Only the lines from the one containing "msp.add_solid(points, dxfattribs=at)" through the last line of the entries are wanted. Transcribe them exactly.
----- Dataset excerpts
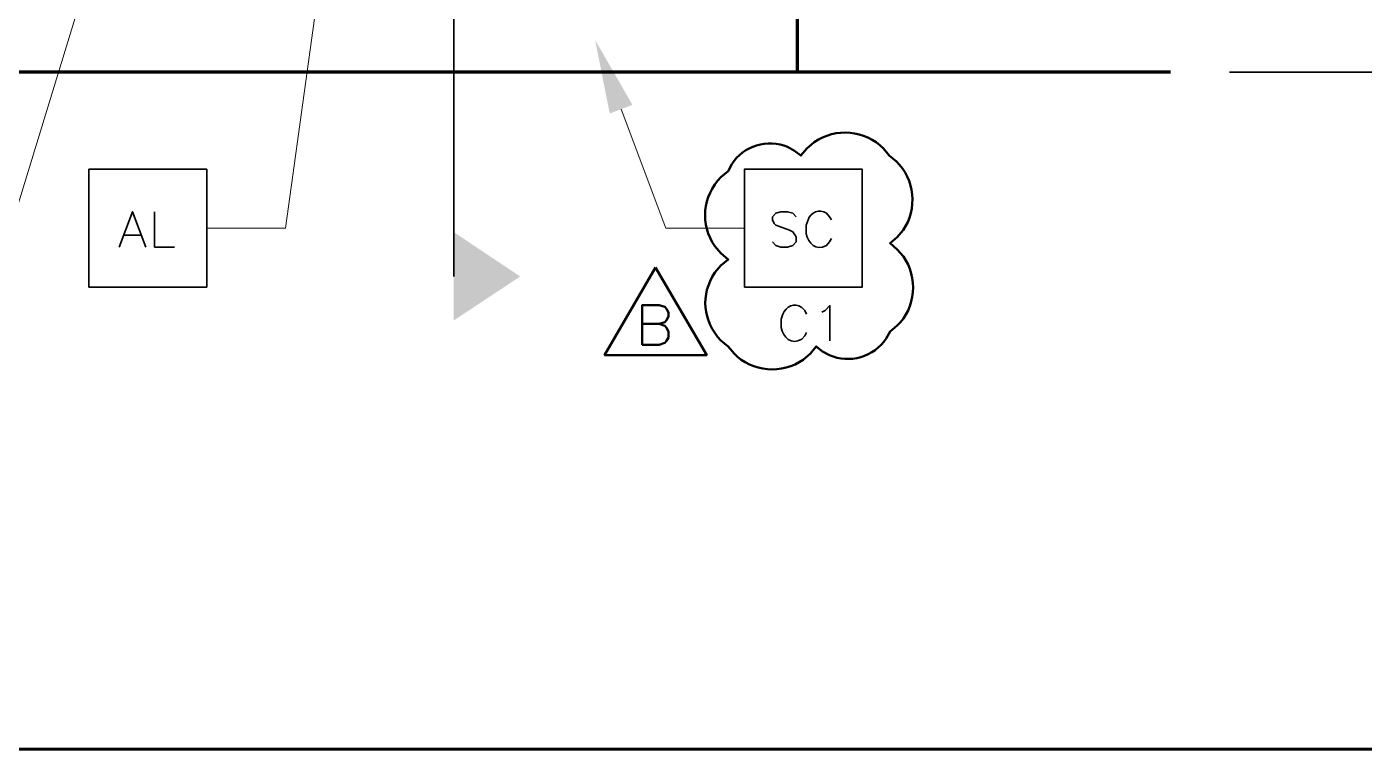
# Model space of a CAD drawing. Header units: inches. Extents: x 5 to 516, y -193 to 129.
# Drawn here: x 66.02 to 77.37, y -71.03 to -64.9 of the extents above; entities that cross this region are included whole.
import ezdxf

# ---------------------------------------------------------------- set-up
doc = ezdxf.new("R2010")
doc.units = ezdxf.units.IN
doc.header["$MEASUREMENT"] = 0
doc.layers.add('PDF4_Geometry', color=7, linetype='Continuous')
doc.layers.add('PDF4_Solid Fills', color=7, linetype='Continuous')

msp = doc.modelspace()

# ---------------------------------------------------------------- linework, layer by layer
at = {"layer": 'PDF4_Geometry', "lineweight": 35}
for points in [[(69.6420867, -67.0196527), (69.6420867, -44.7463169), (69.74542, -44.7396504), (69.84542, -44.7229845)], [(83.8654222, -65.2863152), (85.3654224, -65.2863152), (76.2254214, -65.2863152)], [(66.8020867, -66.7696527), (66.9154201, -66.4696527), (67.0287534, -66.7696527)], [(67.1020881, -66.4696513), (67.1020881, -66.7696514), (67.2720881, -66.7696514)], [(72.5487574, -66.5129795), (72.5187574, -66.4829795), (72.475424, -66.4696462), (72.4187574, -66.4696462), (72.375424, -66.4829795), (72.3487574, -66.5129795), (72.3487574, -66.5396462), (72.3620907, -66.5696462), (72.375424, -66.5829795), (72.405424, -66.5963129), (72.4920907, -66.6263129), (72.5187574, -66.6396462), (72.5320907, -66.6563129), (72.5487574, -66.6829795), (72.5487574, -66.7263129), (72.5187574, -66.7563129), (72.475424, -66.7696462), (72.4187574, -66.7696462), (72.375424, -66.7563129), (72.3487574, -66.7263129)], [(72.848752, -66.5396451), (72.8320853, -66.5129784), (72.8054186, -66.4829784)], [(72.648752, -66.5396451), (72.6320853, -66.5829784), (72.6320853, -66.6563118)], [(66.8454217, -66.66965), (66.988755, -66.66965)], [(72.8054186, -66.7563118), (72.8320853, -66.7263118), (72.848752, -66.6963118)], [(72.6354205, -67.3396465), (72.6220872, -67.3096465), (72.5954205, -67.2829798)], [(72.7654186, -67.3229839), (72.7954186, -67.3096506), (72.8354187, -67.2663172), (72.8354187, -67.5663173)], [(72.4354205, -67.3396465), (72.4220872, -67.3829799), (72.4220872, -67.4529799)], [(72.5954205, -67.5529799), (72.6220872, -67.5229799), (72.6354205, -67.4963132)]]:
    msp.add_lwpolyline(points, dxfattribs=at)
at = {"layer": 'PDF4_Geometry', "lineweight": 70}
msp.add_lwpolyline([(72.5587536, -65.2863152), (72.5587536, -55.9529811)], dxfattribs=at)
at = {"layer": 'PDF4_Geometry', "lineweight": 15}
for points in [[(68.9587506, -56.5496473), (65.8820836, -66.6096482), (65.2120835, -66.6096482)], [(68.7054208, -63.046318), (68.2120874, -66.6096516), (67.5454207, -66.6096516)], [(71.0620901, -65.5996494), (71.4420901, -66.6096494), (72.1087568, -66.6096494)]]:
    msp.add_lwpolyline(points, dxfattribs=at)
at = {"layer": 'PDF4_Geometry', "lineweight": 80}
msp.add_lwpolyline([(75.7254205, -65.2863152), (22.4320813, -65.2863152)], dxfattribs=at)
at = {"layer": 'PDF4_Geometry', "lineweight": 50}
for points in [[(72.7020872, -65.8796488), (72.6387539, -65.9329822), (72.5887539, -65.9929822), (72.5354205, -65.9529822), (72.4754205, -65.9196488)], [(73.3987539, -66.0429822), (73.3387539, -65.9929822), (73.2887539, -65.9329822)], [(72.0020872, -66.0663155), (71.9720871, -66.1263155), (71.9087538, -66.1763155)], [(73.4587539, -66.8496489), (73.4054206, -66.7896489), (73.3454206, -66.7363156), (73.4054206, -66.6863156), (73.4554206, -66.6263156)], [(71.8587538, -66.7629822), (71.9087538, -66.8229823), (71.9720871, -66.8763156), (71.9087538, -66.9263156), (71.8587538, -66.9863156)], [(71.2420895, -67.5996495), (71.2420895, -67.2629828), (71.3854229, -67.2629828), (71.4320895, -67.2763162), (71.4487562, -67.2929828), (71.4654229, -67.3263162), (71.4654229, -67.3596495), (71.4487562, -67.3896495), (71.4320895, -67.4063162), (71.3854229, -67.4229828), (71.2420895, -67.4229828)], [(71.3854204, -67.4229799), (71.4320871, -67.4396465), (71.4487538, -67.4563132), (71.4654204, -67.4863132), (71.4654204, -67.5363132), (71.4487538, -67.5663132), (71.4320871, -67.5829799), (71.3854204, -67.5996465), (71.2420871, -67.5996465)], [(73.3120873, -67.5463156), (73.3454206, -67.4863156), (73.4054206, -67.4363156)], [(71.9087538, -67.5629823), (71.9720871, -67.6129823), (72.0220872, -67.6729823)], [(72.6087539, -67.7263157), (72.6687539, -67.6729823), (72.7187539, -67.6129823), (72.7720872, -67.6563157), (72.8320872, -67.6863157)]]:
    msp.add_lwpolyline(points, dxfattribs=at)
at = {"layer": 'PDF4_Geometry', "lineweight": 35}
for points in [[(66.5454203, -67.1096457), (66.5454203, -66.1096456), (67.5454204, -66.1096456), (67.5454204, -67.1096457)], [(72.1087549, -67.1096457), (72.1087549, -66.1096456), (73.108755, -66.1096456), (73.108755, -67.1096457)]]:
    msp.add_lwpolyline(points, close=True, dxfattribs=at)
at = {"layer": 'PDF4_Geometry', "lineweight": 50}
msp.add_lwpolyline([(71.3554183, -66.942979), (71.7887516, -67.6863124), (70.9220849, -67.6863124)], close=True, dxfattribs=at)
at = {"layer": 'PDF4_Geometry', "lineweight": 60}
msp.add_lwpolyline([(12.8887456, -71.0329858), (139.8887557, -71.0329858)], dxfattribs=at)
at = {"layer": 'PDF4_Geometry', "lineweight": 50}
for points in [[(72.4754205, -65.9196488), (72.3099205, -65.8470933), (72.0958094, -65.9105378), (72.0020872, -66.0663155)], [(73.2887539, -65.9329822), (73.1357539, -65.7740934), (72.8814761, -65.7539266), (72.7020872, -65.8796488)], [(73.4554206, -66.6263156), (73.5819206, -66.4529823), (73.5551428, -66.188871), (73.3987539, -66.0429822)], [(71.9087538, -66.1763155), (71.752976, -66.3369822), (71.7290872, -66.5783712), (71.8587538, -66.7629822)], [(73.4054206, -67.4363156), (73.5641984, -67.2898156), (73.5838651, -67.0243156), (73.4587539, -66.8496489)], [(71.8587538, -66.9863156), (71.7308093, -67.1769823), (71.7563649, -67.3970379), (71.9087538, -67.5629823)], [(72.8320872, -67.6863157), (72.9979761, -67.7658157), (73.2127539, -67.6993712), (73.3120873, -67.5463156)], [(72.0220872, -67.6729823), (72.1695872, -67.8328157), (72.4333094, -67.8510934), (72.6087539, -67.7263157)]]:
    msp.add_open_spline(points, degree=3, dxfattribs=at)
at = {"layer": 'PDF4_Geometry', "lineweight": 35}
for points in [[(72.8054186, -66.4829784), (72.7428075, -66.444034), (72.6729742, -66.4736451), (72.648752, -66.5396451)], [(72.6320853, -66.6563118), (72.6573075, -66.7399784), (72.710252, -66.8072562), (72.8054186, -66.7563118)], [(72.5954205, -67.2829798), (72.5336427, -67.2336465), (72.4609761, -67.2766465), (72.4354205, -67.3396465)], [(72.4220872, -67.4529799), (72.438865, -67.5376465), (72.5060872, -67.6038132), (72.5954205, -67.5529799)]]:
    msp.add_open_spline(points, degree=3, dxfattribs=at)
at = {"layer": 'PDF4_Solid Fills', "lineweight": 15, "transparency": 33554559}
for points in [[(70.9654239, -65.6363179), (70.8420906, -65.0129845), (71.1587573, -65.5629846)], [(70.2054209, -67.0196527), (69.6420875, -67.3929861), (69.6420875, -66.642986)]]:
    msp.add_solid(points, dxfattribs=at)

doc.saveas('drawing.dxf')
----------
=== Solution ===
    msp.add_solid(points, dxfattribs=at)

doc.saveas('drawing.dxf')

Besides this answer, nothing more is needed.